Но из этого вытекало, что он невиновен в убийстве, а против такого предположения было все.
— Я настаивал, чтобы он ответил, где его жена, и тогда обвиняемый указал мне на лестницу. «Поглядите наверху, — буркнул он, — если этот подонок все еще у нее в кровати, позовите меня: я набью ему морду».
На этот раз смешки прозвучали несколько сконфуженно, тем более что Ламбер, повернувшись лицом к залу, с вызовом смотрел на публику.
Разве он не вправе отвечать комиссару из опербригады, как заблагорассудится ему, Ламберу? Может, не он, а эти бездельники, торчащие в зале суда, словно в тире, возвратились в ту ночь домой пьяными и — справедливо или нет — заподозрили, что их жены спят с любовниками?

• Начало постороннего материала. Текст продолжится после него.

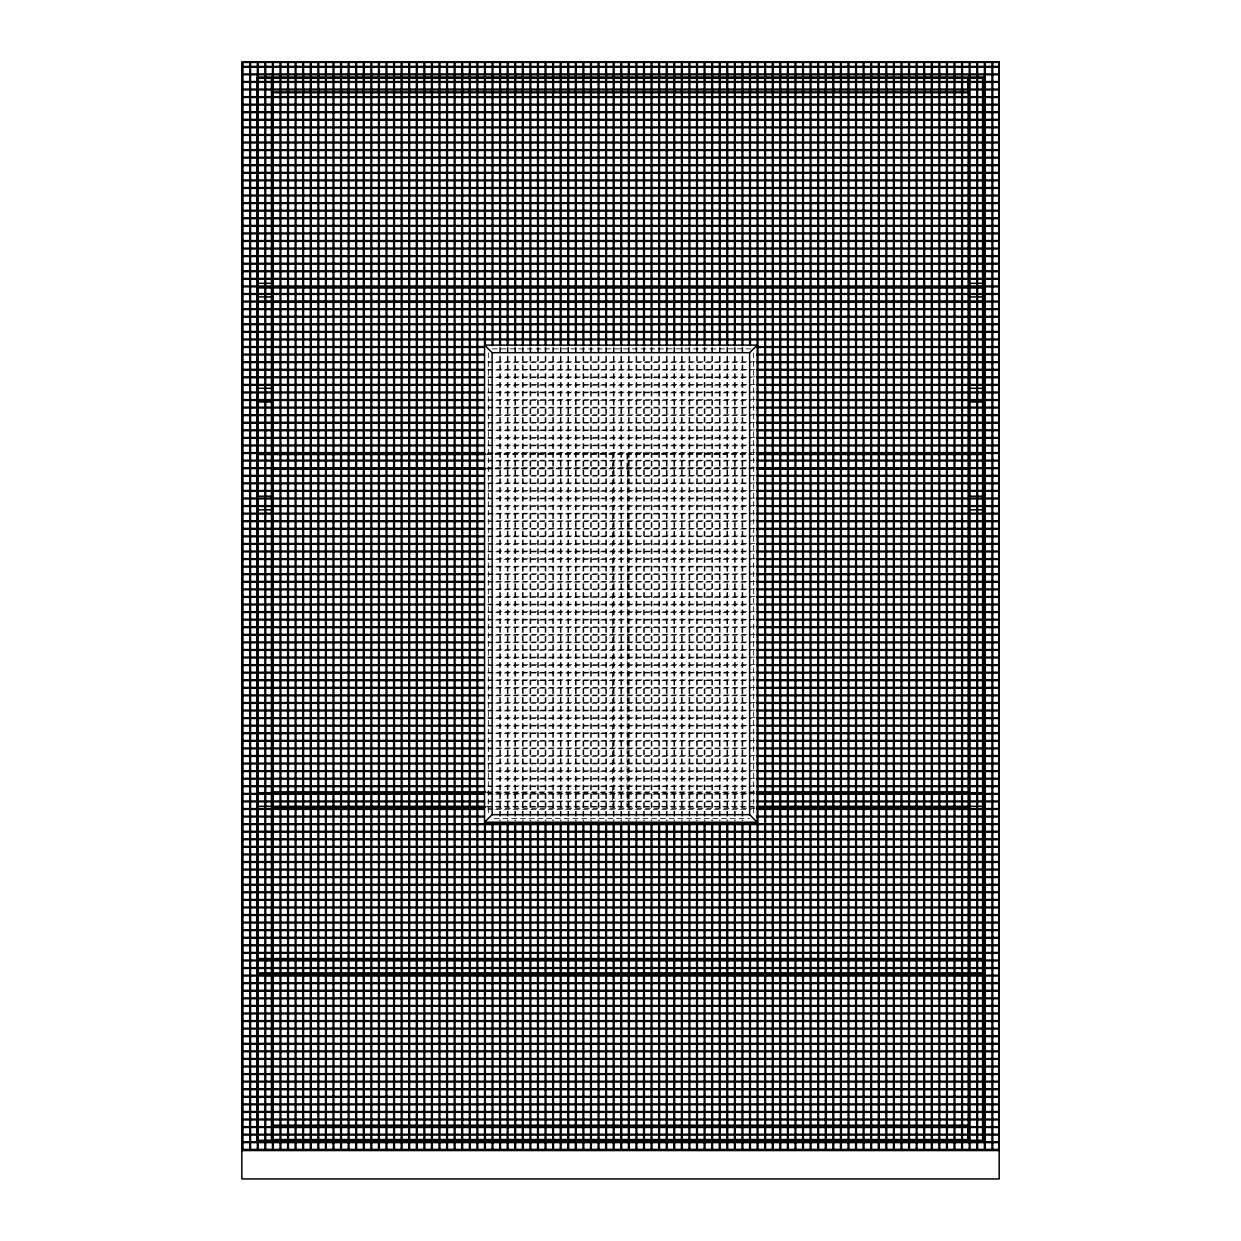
<?xml version="1.0" encoding="UTF-8"?>
<svg xmlns="http://www.w3.org/2000/svg" width="1241" height="1241" viewBox="0 0 1241 1241"><rect width="100%" height="100%" fill="white"/><g stroke="black" fill="none" stroke-linecap="round" stroke-linejoin="round"><path stroke-width="0.75" stroke-dasharray="5 3.75" d="M492.212 348.892L751.472 348.892M487.946 361.767L754.978 361.767M487.946 362.527L493.763 362.527M495.686 362.527L751.115 362.527M487.946 369.353L754.978 369.353M487.946 370.097L493.763 370.097M495.686 370.097L751.115 370.097M487.946 376.923L754.978 376.923M487.946 377.683L493.763 377.683M495.686 377.683L751.115 377.683M487.946 384.493L754.978 384.493M487.946 385.253L493.763 385.253M495.686 385.253L751.115 385.253M487.946 392.063L754.978 392.063M487.946 392.823L493.763 392.823M495.686 392.823L751.115 392.823M487.946 399.649L754.978 399.649M487.946 400.393L493.763 400.393M495.686 400.393L751.115 400.393M487.946 407.219L754.978 407.219M487.946 407.979L493.763 407.979M495.686 407.979L751.115 407.979M487.946 414.789L754.978 414.789M487.946 415.549L493.763 415.549M495.686 415.549L751.115 415.549M487.946 422.359L754.978 422.359M487.946 423.119L493.763 423.119M495.686 423.119L751.115 423.119M487.946 429.929L754.978 429.929M487.946 430.689L493.763 430.689M495.686 430.689L751.115 430.689M487.946 437.515L754.978 437.515M487.946 438.259L493.763 438.259M495.686 438.259L751.115 438.259M487.946 445.085L754.978 445.085M487.946 445.845L493.763 445.845M495.686 445.845L751.115 445.845M487.946 452.655L754.978 452.655M487.946 453.415L493.763 453.415M495.686 453.415L751.115 453.415M487.403 453.772L493.22 453.772M495.159 453.772L751.069 453.772M486.503 454.532L755.831 454.532M487.946 460.225L754.978 460.225M487.946 460.985L493.763 460.985M495.686 460.985L751.115 460.985M487.946 467.795L754.978 467.795M486.503 468.167L755.831 468.167M487.946 468.555L493.763 468.555M495.686 468.555L751.115 468.555M487.403 468.927L493.22 468.927M495.159 468.927L751.069 468.927M487.946 475.381L754.978 475.381M487.946 476.125L493.763 476.125M495.686 476.125L751.115 476.125M487.946 482.951L754.978 482.951M487.946 483.711L493.763 483.711M495.686 483.711L751.115 483.711M487.946 490.521L754.978 490.521M487.946 491.281L493.763 491.281M495.686 491.281L751.115 491.281M487.946 498.091L754.978 498.091M487.946 498.851L493.763 498.851M495.686 498.851L751.115 498.851M487.946 505.676L754.978 505.676M487.946 506.421L493.763 506.421M495.686 506.421L751.115 506.421M487.946 513.247L754.978 513.247M487.946 514.007L493.763 514.007M495.686 514.007L751.115 514.007M487.946 520.817L754.978 520.817M487.946 521.577L493.763 521.577M495.686 521.577L751.115 521.577M487.946 528.387L754.978 528.387M487.946 529.147L493.763 529.147M495.686 529.147L751.115 529.147M487.946 535.957L754.978 535.957M487.946 536.717L493.763 536.717M495.686 536.717L751.115 536.717M487.946 543.542L754.978 543.542M487.946 544.287L493.763 544.287M495.686 544.287L751.115 544.287M487.946 551.113L754.978 551.113M487.946 551.873L493.763 551.873M495.686 551.873L751.115 551.873M487.946 558.683L754.978 558.683M487.946 559.443L493.763 559.443M495.686 559.443L751.115 559.443M487.946 566.253L754.978 566.253M487.946 567.013L493.763 567.013M495.686 567.013L751.115 567.013M487.946 573.823L754.978 573.823M487.946 574.583L493.763 574.583M495.686 574.583L751.115 574.583M487.946 581.409L754.978 581.409M487.946 582.169L493.763 582.169M495.686 582.169L751.115 582.169M487.946 588.979L754.978 588.979M487.946 589.739L493.763 589.739M495.686 589.739L751.115 589.739M487.946 596.549L754.978 596.549M487.946 597.309L493.763 597.309M495.686 597.309L751.115 597.309M487.946 604.119L754.978 604.119M487.946 604.879L493.763 604.879M495.686 604.879L751.115 604.879M487.946 611.704L754.978 611.704M487.946 612.449L493.763 612.449M495.686 612.449L751.115 612.449M487.946 619.275L754.978 619.275M487.946 620.035L493.763 620.035M495.686 620.035L751.115 620.035M487.946 626.845L754.978 626.845M487.946 627.605L493.763 627.605M495.686 627.605L751.115 627.605M487.946 634.415L754.978 634.415M487.946 635.175L493.763 635.175M495.686 635.175L751.115 635.175M487.946 641.985L754.978 641.985M487.946 642.745L493.763 642.745M495.686 642.745L751.115 642.745M487.946 649.57L754.978 649.57M487.946 650.315L493.763 650.315M495.686 650.315L751.115 650.315M487.946 657.141L754.978 657.141M487.946 657.901L493.763 657.901M495.686 657.901L751.115 657.901M487.946 664.711L754.978 664.711M487.946 665.471L493.763 665.471M495.686 665.471L751.115 665.471M487.946 672.281L754.978 672.281M487.946 673.041L493.763 673.041M495.686 673.041L751.115 673.041M487.946 679.866L754.978 679.866M487.946 680.611L493.763 680.611M495.686 680.611L751.115 680.611M487.946 687.436L754.978 687.436M487.946 688.197L493.763 688.197M495.686 688.197L751.115 688.197M487.946 695.007L754.978 695.007M487.946 695.767L493.763 695.767M495.686 695.767L751.115 695.767M487.946 702.577L754.978 702.577M487.946 703.337L493.763 703.337M495.686 703.337L751.115 703.337M487.946 710.147L754.978 710.147M487.946 710.907L493.763 710.907M495.686 710.907L751.115 710.907M487.946 717.732L754.978 717.732M487.946 718.477L493.763 718.477M495.686 718.477L751.115 718.477M487.946 725.302L754.978 725.302M487.946 726.063L493.763 726.063M495.686 726.063L751.115 726.063M487.946 732.873L754.978 732.873M487.946 733.633L493.763 733.633M495.686 733.633L751.115 733.633M487.946 740.443L754.978 740.443M487.946 741.203L493.763 741.203M495.686 741.203L751.115 741.203M487.946 748.013L754.978 748.013M487.946 748.773L493.763 748.773M495.686 748.773L751.115 748.773M487.946 755.598L754.978 755.598M487.946 756.358L493.763 756.358M495.686 756.358L751.115 756.358M487.946 763.168L754.978 763.168M487.946 763.929L493.763 763.929M495.686 763.929L751.115 763.929M487.946 770.739L754.978 770.739M487.946 771.499L493.763 771.499M495.686 771.499L751.115 771.499M487.946 778.309L754.978 778.309M487.946 779.069L493.763 779.069M495.686 779.069L751.115 779.069M487.946 785.894L754.978 785.894M487.946 786.639L493.763 786.639M495.686 786.639L751.115 786.639M487.403 791.929L754.947 791.929M486.503 792.689L755.831 792.689M487.946 793.464L754.978 793.464M487.946 794.224L493.763 794.224M495.686 794.224L751.115 794.224M487.946 801.034L754.978 801.034M487.946 801.795L493.763 801.795M495.686 801.795L751.115 801.795M486.503 806.324L755.831 806.324M487.403 807.084L754.947 807.084M487.946 808.605L754.978 808.605M487.946 809.365L493.763 809.365M495.686 809.365L751.115 809.365M494.151 818.455L749.548 818.455M627.775 468.927L627.015 791.929M753.411 352.832L753.411 814.515M742.816 347.449L742.816 820.549M742.056 347.449L742.056 820.549M735.23 347.449L735.23 820.549M734.486 347.449L734.486 820.549M727.66 347.449L727.66 820.549M726.9 347.449L726.9 820.549M720.09 347.449L720.09 820.549M719.33 347.449L719.33 820.549M712.52 347.449L712.52 820.549M711.76 347.449L711.76 820.549M704.95 347.449L704.95 820.549M704.19 347.449L704.19 820.549M697.364 347.449L697.364 820.549M696.62 347.449L696.62 820.549M689.794 347.449L689.794 820.549M689.034 347.449L689.034 820.549M682.224 347.449L682.224 820.549M681.464 347.449L681.464 820.549M674.654 347.449L674.654 820.549M673.894 347.449L673.894 820.549M667.084 347.449L667.084 820.549M666.324 347.449L666.324 820.549M659.498 347.449L659.498 820.549M658.738 347.449L658.738 820.549M651.928 347.449L651.928 820.549M651.168 347.449L651.168 820.549M644.358 347.449L644.358 820.549M643.598 347.449L643.598 820.549M636.788 347.449L636.788 820.549M636.028 347.449L636.028 820.549M629.203 347.449L629.203 820.549M628.458 347.449L628.458 820.549M627.775 453.772L627.775 807.084M627.015 454.532L627.015 468.167M627.015 792.689L627.015 806.324M621.632 347.449L621.632 820.549M620.872 347.449L620.872 820.549M614.062 347.449L614.062 820.549M613.302 347.449L613.302 820.549M612.62 453.772L612.62 807.084M606.492 347.449L606.492 820.549M605.732 347.449L605.732 820.549M598.922 347.449L598.922 820.549M598.162 347.449L598.162 820.549M591.337 347.449L591.337 820.549M590.592 347.449L590.592 820.549M583.766 347.449L583.766 820.549M583.006 347.449L583.006 820.549M576.196 347.449L576.196 820.549M575.436 347.449L575.436 820.549M568.626 347.449L568.626 820.549M567.866 347.449L567.866 820.549M561.041 347.449L561.041 820.549M560.296 347.449L560.296 820.549M553.47 347.449L553.47 820.549M552.71 347.449L552.71 820.549M545.9 347.449L545.9 820.549M545.14 347.449L545.14 820.549M538.33 347.449L538.33 820.549M537.57 347.449L537.57 820.549M530.76 347.449L530.76 820.549M530 347.449L530 820.549M523.175 347.449L523.175 820.549M522.43 347.449L522.43 820.549M515.604 347.449L515.604 820.549M514.844 347.449L514.844 820.549M508.034 347.449L508.034 820.549M507.274 347.449L507.274 820.549M500.464 347.449L500.464 820.549M499.704 347.449L499.704 820.549M488.349 352.832L488.349 816.438"/><path stroke-width="1.5" d="M749.626 352.692L757.196 345.107L484.548 345.107L492.134 352.692L492.134 814.67L484.548 822.24L757.196 822.24L749.626 814.67L749.626 352.692L492.134 352.692M242.212 62.422L998.788 62.422M242.212 66.409L998.788 66.409M242.212 67.169L998.788 67.169M242.212 73.979L998.788 73.979M242.212 74.739L998.788 74.739M257.058 77.578L983.353 77.578L983.353 1140.324L257.058 1140.324M257.802 78.323L271.438 78.323M272.12 78.323L968.12 78.323M968.957 78.323L982.593 78.323M242.212 81.549L998.788 81.549M242.212 82.309L998.788 82.309M242.212 89.135L998.788 89.135M242.212 89.879L998.788 89.879M272.12 91.958L968.12 91.958M242.212 96.705L998.788 96.705M242.212 97.465L998.788 97.465M242.212 104.275L998.788 104.275M242.212 105.035L998.788 105.035M242.212 111.845L998.788 111.845M242.212 112.605L998.788 112.605M242.212 119.415L998.788 119.415M242.212 120.175L998.788 120.175M242.212 127.001L998.788 127.001M242.212 127.761L998.788 127.761M242.212 134.571L998.788 134.571M242.212 135.331L998.788 135.331M242.212 142.141L998.788 142.141M242.212 142.901L998.788 142.901M242.212 149.711L998.788 149.711M242.212 150.471L998.788 150.471M242.212 157.297L998.788 157.297M242.212 158.041L998.788 158.041M242.212 164.867L998.788 164.867M242.212 165.627L998.788 165.627M242.212 172.437L998.788 172.437M242.212 173.197L998.788 173.197M242.212 180.007L998.788 180.007M242.212 180.767L998.788 180.767M242.212 187.577L998.788 187.577M242.212 188.337L998.788 188.337M242.212 195.163L998.788 195.163M242.212 195.907L998.788 195.907M242.212 202.733L998.788 202.733M242.212 203.493L998.788 203.493M242.212 210.303L998.788 210.303M242.212 211.063L998.788 211.063M242.212 217.873L998.788 217.873M242.212 218.633L998.788 218.633M242.212 225.459L998.788 225.459M242.212 226.203L998.788 226.203M242.212 233.029L998.788 233.029M242.212 233.789L998.788 233.789M242.212 240.599L998.788 240.599M242.212 241.359L998.788 241.359M242.212 248.169L998.788 248.169M242.212 248.929L998.788 248.929M242.212 255.739L998.788 255.739M242.212 256.499L998.788 256.499M242.212 263.325L998.788 263.325M242.212 264.069L998.788 264.069M242.212 270.895L998.788 270.895M242.212 271.655L998.788 271.655M242.212 278.465L998.788 278.465M242.212 279.225L998.788 279.225M257.802 283.305L271.438 283.305M968.957 283.305L982.593 283.305M242.212 286.035L998.788 286.035M242.212 286.795L998.788 286.795M256.98 287.167L983.353 287.167M257.802 287.928L983.275 287.928M242.212 293.605L998.788 293.605M242.212 294.365L998.788 294.365M257.802 296.925L271.438 296.925M968.957 296.925L982.593 296.925M242.212 301.191L998.788 301.191M257.802 301.547L983.275 301.547M242.212 301.951L998.788 301.951M256.98 302.308L983.353 302.308M242.212 308.761L998.788 308.761M242.212 309.521L998.788 309.521M242.212 316.331L998.788 316.331M242.212 317.091L998.788 317.091M242.212 323.901L998.788 323.901M242.212 324.661L998.788 324.661M242.212 331.487L998.788 331.487M242.212 332.231L998.788 332.231M242.212 339.057L998.788 339.057M242.212 339.817L998.788 339.817M242.212 346.627L484.083 346.627M756.917 346.627L998.788 346.627M242.212 347.387L484.083 347.387M756.917 347.387L998.788 347.387M242.212 354.197L484.083 354.197M756.917 354.197L998.788 354.197M242.212 354.957L484.083 354.957M756.917 354.957L998.788 354.957M242.212 361.767L484.083 361.767M756.917 361.767L998.788 361.767M242.212 362.527L484.083 362.527M756.917 362.527L998.788 362.527M242.212 369.353L484.083 369.353M756.917 369.353L998.788 369.353M242.212 370.097L484.083 370.097M756.917 370.097L998.788 370.097M242.212 376.923L484.083 376.923M756.917 376.923L998.788 376.923M242.212 377.683L484.083 377.683M756.917 377.683L998.788 377.683M242.212 384.493L484.083 384.493M756.917 384.493L998.788 384.493M242.212 385.253L484.083 385.253M756.917 385.253L998.788 385.253M257.802 388.309L271.438 388.309M968.957 388.309L982.593 388.309M242.212 392.063L484.083 392.063M756.917 392.063L998.788 392.063M242.212 392.823L484.083 392.823M756.917 392.823L998.788 392.823M242.212 399.649L484.083 399.649M756.917 399.649L998.788 399.649M242.212 400.393L484.083 400.393M756.917 400.393L998.788 400.393M257.802 401.944L271.438 401.944M968.957 401.944L982.593 401.944M242.212 407.219L484.083 407.219M756.917 407.219L998.788 407.219M242.212 407.979L484.083 407.979M756.917 407.979L998.788 407.979M242.212 414.789L484.083 414.789M756.917 414.789L998.788 414.789M242.212 415.549L484.083 415.549M756.917 415.549L998.788 415.549M242.212 422.359L484.083 422.359M756.917 422.359L998.788 422.359M242.212 423.119L484.083 423.119M756.917 423.119L998.788 423.119M242.212 429.929L484.083 429.929M756.917 429.929L998.788 429.929M242.212 430.689L484.083 430.689M756.917 430.689L998.788 430.689M242.212 437.515L484.083 437.515M756.917 437.515L998.788 437.515M242.212 438.259L484.083 438.259M756.917 438.259L998.788 438.259M242.212 445.085L484.083 445.085M756.917 445.085L998.788 445.085M242.212 445.845L484.083 445.845M756.917 445.845L998.788 445.845M242.212 452.655L484.083 452.655M756.917 452.655L998.788 452.655M242.212 453.415L484.083 453.415M756.917 453.415L998.788 453.415M272.198 453.772L485.464 453.772M756.886 453.772L968.197 453.772M257.802 454.532L484.564 454.532M757.77 454.532L983.275 454.532M242.212 460.225L484.083 460.225M756.917 460.225L998.788 460.225M242.212 460.985L484.083 460.985M756.917 460.985L998.788 460.985M242.212 467.795L484.083 467.795M756.917 467.795L998.788 467.795M257.802 468.167L484.564 468.167M757.77 468.167L983.275 468.167M242.212 468.555L484.083 468.555M756.917 468.555L998.788 468.555M272.198 468.927L485.464 468.927M756.886 468.927L968.197 468.927M242.212 475.381L484.083 475.381M756.917 475.381L998.788 475.381M242.212 476.125L484.083 476.125M756.917 476.125L998.788 476.125M242.212 482.951L484.083 482.951M756.917 482.951L998.788 482.951M242.212 483.711L484.083 483.711M756.917 483.711L998.788 483.711M242.212 490.521L484.083 490.521M756.917 490.521L998.788 490.521M242.212 491.281L484.083 491.281M756.917 491.281L998.788 491.281M257.802 496.198L271.438 496.198M968.957 496.198L982.593 496.198M242.212 498.091L484.083 498.091M756.917 498.091L998.788 498.091M242.212 498.851L484.083 498.851M756.917 498.851L998.788 498.851M242.212 505.676L484.083 505.676M756.917 505.676L998.788 505.676M242.212 506.421L484.083 506.421M756.917 506.421L998.788 506.421M257.802 509.818L271.438 509.818M968.957 509.818L982.593 509.818M242.212 513.247L484.083 513.247M756.917 513.247L998.788 513.247M242.212 514.007L484.083 514.007M756.917 514.007L998.788 514.007M242.212 520.817L484.083 520.817M756.917 520.817L998.788 520.817M242.212 521.577L484.083 521.577M756.917 521.577L998.788 521.577M242.212 528.387L484.083 528.387M756.917 528.387L998.788 528.387M242.212 529.147L484.083 529.147M756.917 529.147L998.788 529.147M242.212 535.957L484.083 535.957M756.917 535.957L998.788 535.957M242.212 536.717L484.083 536.717M756.917 536.717L998.788 536.717M242.212 543.542L484.083 543.542M756.917 543.542L998.788 543.542M242.212 544.287L484.083 544.287M756.917 544.287L998.788 544.287M242.212 551.113L484.083 551.113M756.917 551.113L998.788 551.113M242.212 551.873L484.083 551.873M756.917 551.873L998.788 551.873M242.212 558.683L484.083 558.683M756.917 558.683L998.788 558.683M242.212 559.443L484.083 559.443M756.917 559.443L998.788 559.443M242.212 566.253L484.083 566.253M756.917 566.253L998.788 566.253M242.212 567.013L484.083 567.013M756.917 567.013L998.788 567.013M242.212 573.823L484.083 573.823M756.917 573.823L998.788 573.823M242.212 574.583L484.083 574.583M756.917 574.583L998.788 574.583M242.212 581.409L484.083 581.409M756.917 581.409L998.788 581.409M242.212 582.169L484.083 582.169M756.917 582.169L998.788 582.169M242.212 588.979L484.083 588.979M756.917 588.979L998.788 588.979M242.212 589.739L484.083 589.739M756.917 589.739L998.788 589.739M242.212 596.549L484.083 596.549M756.917 596.549L998.788 596.549M242.212 597.309L484.083 597.309M756.917 597.309L998.788 597.309M242.212 604.119L484.083 604.119M756.917 604.119L998.788 604.119M242.212 604.879L484.083 604.879M756.917 604.879L998.788 604.879M242.212 611.704L484.083 611.704M756.917 611.704L998.788 611.704M242.212 612.449L484.083 612.449M756.917 612.449L998.788 612.449M242.212 619.275L484.083 619.275M756.917 619.275L998.788 619.275M242.212 620.035L484.083 620.035M756.917 620.035L998.788 620.035M242.212 626.845L484.083 626.845M756.917 626.845L998.788 626.845M242.212 627.605L484.083 627.605M756.917 627.605L998.788 627.605M242.212 634.415L484.083 634.415M756.917 634.415L998.788 634.415M242.212 635.175L484.083 635.175M756.917 635.175L998.788 635.175M242.212 641.985L484.083 641.985M756.917 641.985L998.788 641.985M242.212 642.745L484.083 642.745M756.917 642.745L998.788 642.745M242.212 649.57L484.083 649.57M756.917 649.57L998.788 649.57M242.212 650.315L484.083 650.315M756.917 650.315L998.788 650.315M242.212 657.141L484.083 657.141M756.917 657.141L998.788 657.141M242.212 657.901L484.083 657.901M756.917 657.901L998.788 657.901M242.212 664.711L484.083 664.711M756.917 664.711L998.788 664.711M242.212 665.471L484.083 665.471M756.917 665.471L998.788 665.471M242.212 672.281L484.083 672.281M756.917 672.281L998.788 672.281M242.212 673.041L484.083 673.041M756.917 673.041L998.788 673.041M242.212 679.866L484.083 679.866M756.917 679.866L998.788 679.866M242.212 680.611L484.083 680.611M756.917 680.611L998.788 680.611M242.212 687.436L484.083 687.436M756.917 687.436L998.788 687.436M242.212 688.197L484.083 688.197M756.917 688.197L998.788 688.197M242.212 695.007L484.083 695.007M756.917 695.007L998.788 695.007M242.212 695.767L484.083 695.767M756.917 695.767L998.788 695.767M242.212 702.577L484.083 702.577M756.917 702.577L998.788 702.577M242.212 703.337L484.083 703.337M756.917 703.337L998.788 703.337M242.212 710.147L484.083 710.147M756.917 710.147L998.788 710.147M242.212 710.907L484.083 710.907M756.917 710.907L998.788 710.907M242.212 717.732L484.083 717.732M756.917 717.732L998.788 717.732M242.212 718.477L484.083 718.477M756.917 718.477L998.788 718.477M242.212 725.302L484.083 725.302M756.917 725.302L998.788 725.302M242.212 726.063L484.083 726.063M756.917 726.063L998.788 726.063M242.212 732.873L484.083 732.873M756.917 732.873L998.788 732.873M242.212 733.633L484.083 733.633M756.917 733.633L998.788 733.633M242.212 740.443L484.083 740.443M756.917 740.443L998.788 740.443M242.212 741.203L484.083 741.203M756.917 741.203L998.788 741.203M242.212 748.013L484.083 748.013M756.917 748.013L998.788 748.013M242.212 748.773L484.083 748.773M756.917 748.773L998.788 748.773M242.212 755.598L484.083 755.598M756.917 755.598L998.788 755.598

Беле поглядывал на председательствующего, ожидая от него похвалы, но в глазах Ломона не было даже намека на одобрение, а на лице застыло выражение брезгливости. Комиссар растерялся и с этой минуты стал максимально краток в своих показаниях.
— Спросив у него разрешения подняться наверх, поскольку у меня не было при себе постановления об обыске, и получив положительный ответ…
Чистая формальность: Беле поднялся бы наверх, даже если бы Ламбер попытался этому воспротивиться. Со стороны комиссара это была невинная хитрость, которая по сути дела ничего не меняла. На предшествующих процессах Ломон видал уловки и почище, но тогда он не испытывал желания вмешаться и порой просто их не замечал. Сегодня, однако, лихорадочное состояние, должно быть, чрезмерно обострило его восприимчивость: он испытывал подлинное негодование и был недалек от того, чтобы возненавидеть этого способного и добросовестного чиновника.